Pain it’s self is a warning sign, like a light flashing on the dashboard in your car. Much like the car dashboard light it is rarely an accurate portrayal of the location of the problem of the severity of it.
That being said here are a few tips that can help stave off low back pain before it gets too debilitating.
- Get low: our brains feel safer closer to the floor, so if your back feels stiff or sensitive doing stretches or movements on the floor will allow them to take better effect.
- Blow up balloons: your diaphragm is a big muscle across your abdomen that helps you breathe and forms a large part of your core muscles.

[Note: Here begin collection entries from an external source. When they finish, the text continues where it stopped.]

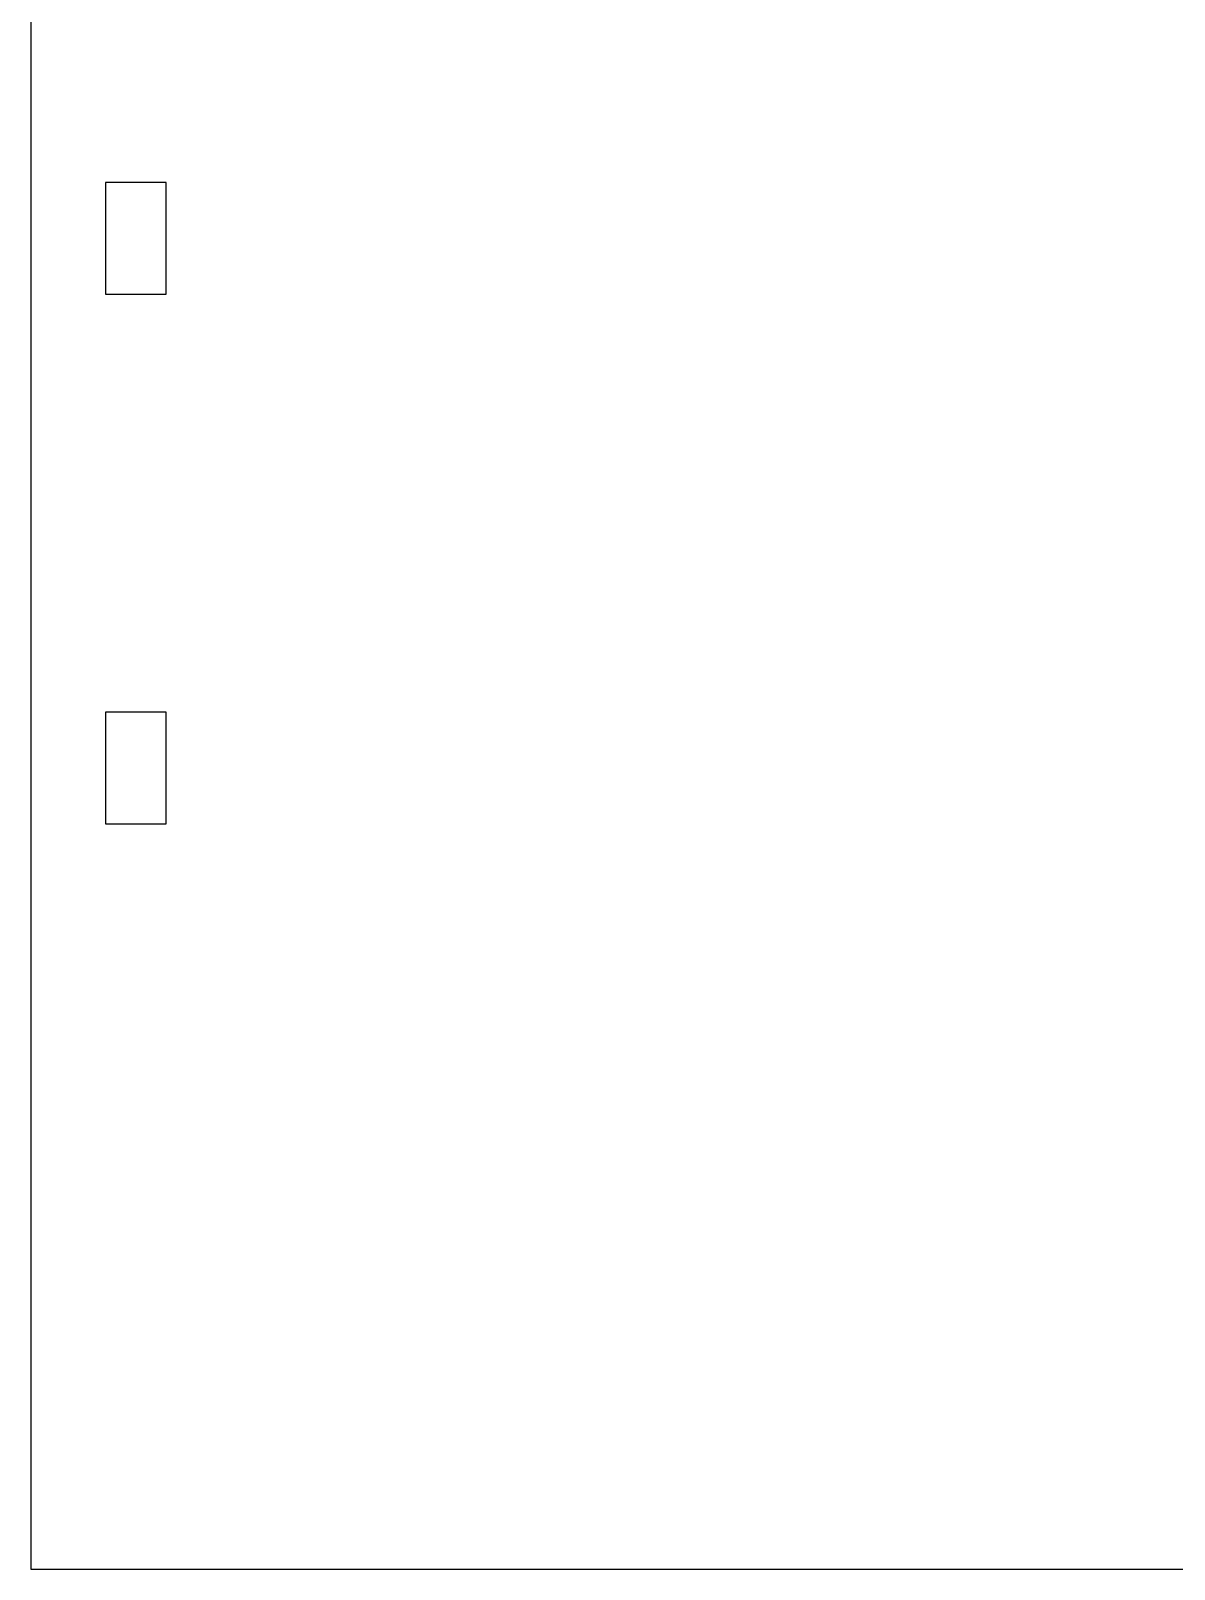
# Model space of a CAD drawing. Header units: millimetres. Extents: x -185 to 230, y -265 to 15.
# Drawn here: x -183.3 to -93.8, y -220.8 to -100.5 of the extents above; entities that cross this region are included whole.
import ezdxf

# ---------------------------------------------------------------- set-up
doc = ezdxf.new("R2010")
doc.units = ezdxf.units.MM
doc.header["$MEASUREMENT"] = 0
doc.layers.add('Layer 1', color=7, linetype='Continuous')

msp = doc.modelspace()

# ---------------------------------------------------------------- linework, layer by layer
at = {"layer": 'Layer 1'}
for points in [[(-183.2829, -220.8256), (-183.2829, -220.8256), (-183.2829, -59.3607), (-183.2829, -59.3607), (-183.2829, -59.3607), (-183.2829, -59.3607), (85.8667, -59.3607), (85.8667, -59.3607), (85.8667, -59.3607), (85.8667, -59.3607), (85.8667, -220.8256), (85.8667, -220.8256), (85.8667, -220.8256), (85.8667, -220.8256), (-183.2829, -220.8256), (-183.2829, -220.8256)], [(-177.4329, -121.0737), (-177.4329, -121.0737), (-177.4329, -112.3382), (-177.4329, -112.3382), (-177.4329, -112.3382), (-177.4329, -112.3382), (-172.6975, -112.3382), (-172.6975, -112.3382), (-172.6975, -112.3382), (-172.6975, -112.3382), (-172.6975, -121.0737), (-172.6975, -121.0737), (-172.6975, -121.0737), (-172.6975, -121.0737), (-177.4329, -121.0737), (-177.4329, -121.0737)], [(-177.4329, -162.5059), (-177.4329, -162.5059), (-177.4329, -153.7702), (-177.4329, -153.7702), (-177.4329, -153.7702), (-177.4329, -153.7702), (-172.6975, -153.7702), (-172.6975, -153.7702), (-172.6975, -153.7702), (-172.6975, -153.7702), (-172.6975, -162.5059), (-172.6975, -162.5059), (-172.6975, -162.5059), (-172.6975, -162.5059), (-177.4329, -162.5059), (-177.4329, -162.5059)]]:
    msp.add_open_spline(points, degree=3, knots=[0, 0, 0, 0, 0.2, 0.2, 0.2, 0.2, 0.4, 0.4, 0.4, 0.4, 0.6, 0.6, 0.6, 0.6, 1, 1, 1, 1], dxfattribs=at)
at = {"layer": 'Layer 1', "color": 1, "lineweight": 25}
for points in [[(-183.2829, -220.8256), (-183.2829, -220.8256), (-183.2829, -59.3607), (-183.2829, -59.3607), (-183.2829, -59.3607), (-183.2829, -59.3607), (85.8667, -59.3607), (85.8667, -59.3607), (85.8667, -59.3607), (85.8667, -59.3607), (85.8667, -220.8256), (85.8667, -220.8256), (85.8667, -220.8256), (85.8667, -220.8256), (-183.2829, -220.8256), (-183.2829, -220.8256)], [(-177.4329, -121.0737), (-177.4329, -121.0737), (-177.4329, -112.3382), (-177.4329, -112.3382), (-177.4329, -112.3382), (-177.4329, -112.3382), (-172.6975, -112.3382), (-172.6975, -112.3382), (-172.6975, -112.3382), (-172.6975, -112.3382), (-172.6975, -121.0737), (-172.6975, -121.0737), (-172.6975, -121.0737), (-172.6975, -121.0737), (-177.4329, -121.0737), (-177.4329, -121.0737)], [(-177.4329, -162.5059), (-177.4329, -162.5059), (-177.4329, -153.7702), (-177.4329, -153.7702), (-177.4329, -153.7702), (-177.4329, -153.7702), (-172.6975, -153.7702), (-172.6975, -153.7702), (-172.6975, -153.7702), (-172.6975, -153.7702), (-172.6975, -162.5059), (-172.6975, -162.5059), (-172.6975, -162.5059), (-172.6975, -162.5059), (-177.4329, -162.5059), (-177.4329, -162.5059)]]:
    msp.add_open_spline(points, degree=3, knots=[0, 0, 0, 0, 0.2, 0.2, 0.2, 0.2, 0.4, 0.4, 0.4, 0.4, 0.6, 0.6, 0.6, 0.6, 1, 1, 1, 1], dxfattribs=at)

doc.saveas('drawing.dxf')

Prolonged sitting, poor posture and high-stress situations can ‘switch off’ breathing with the diaphragm and cause stress-inducing chest breathing. Try to blow up a balloon while crouched forward, if you can’t you need to get your breathing checked.
- Practice the things you fear most: if you have injured yourself falling or have lots of problems picking up heavy things you need to find a safe way to start practising them at a level that is low enough to allow you to think but not trigger an episode.
- Play like a child: balance and agility loss is one of the biggest factors in mobility loss and resultant low back pain. Balance on 1 leg, practice hopping over fences (even learn to handstand). Crawl, hop, jump, climb trees and walk on the top of walls (one of my personal favourites).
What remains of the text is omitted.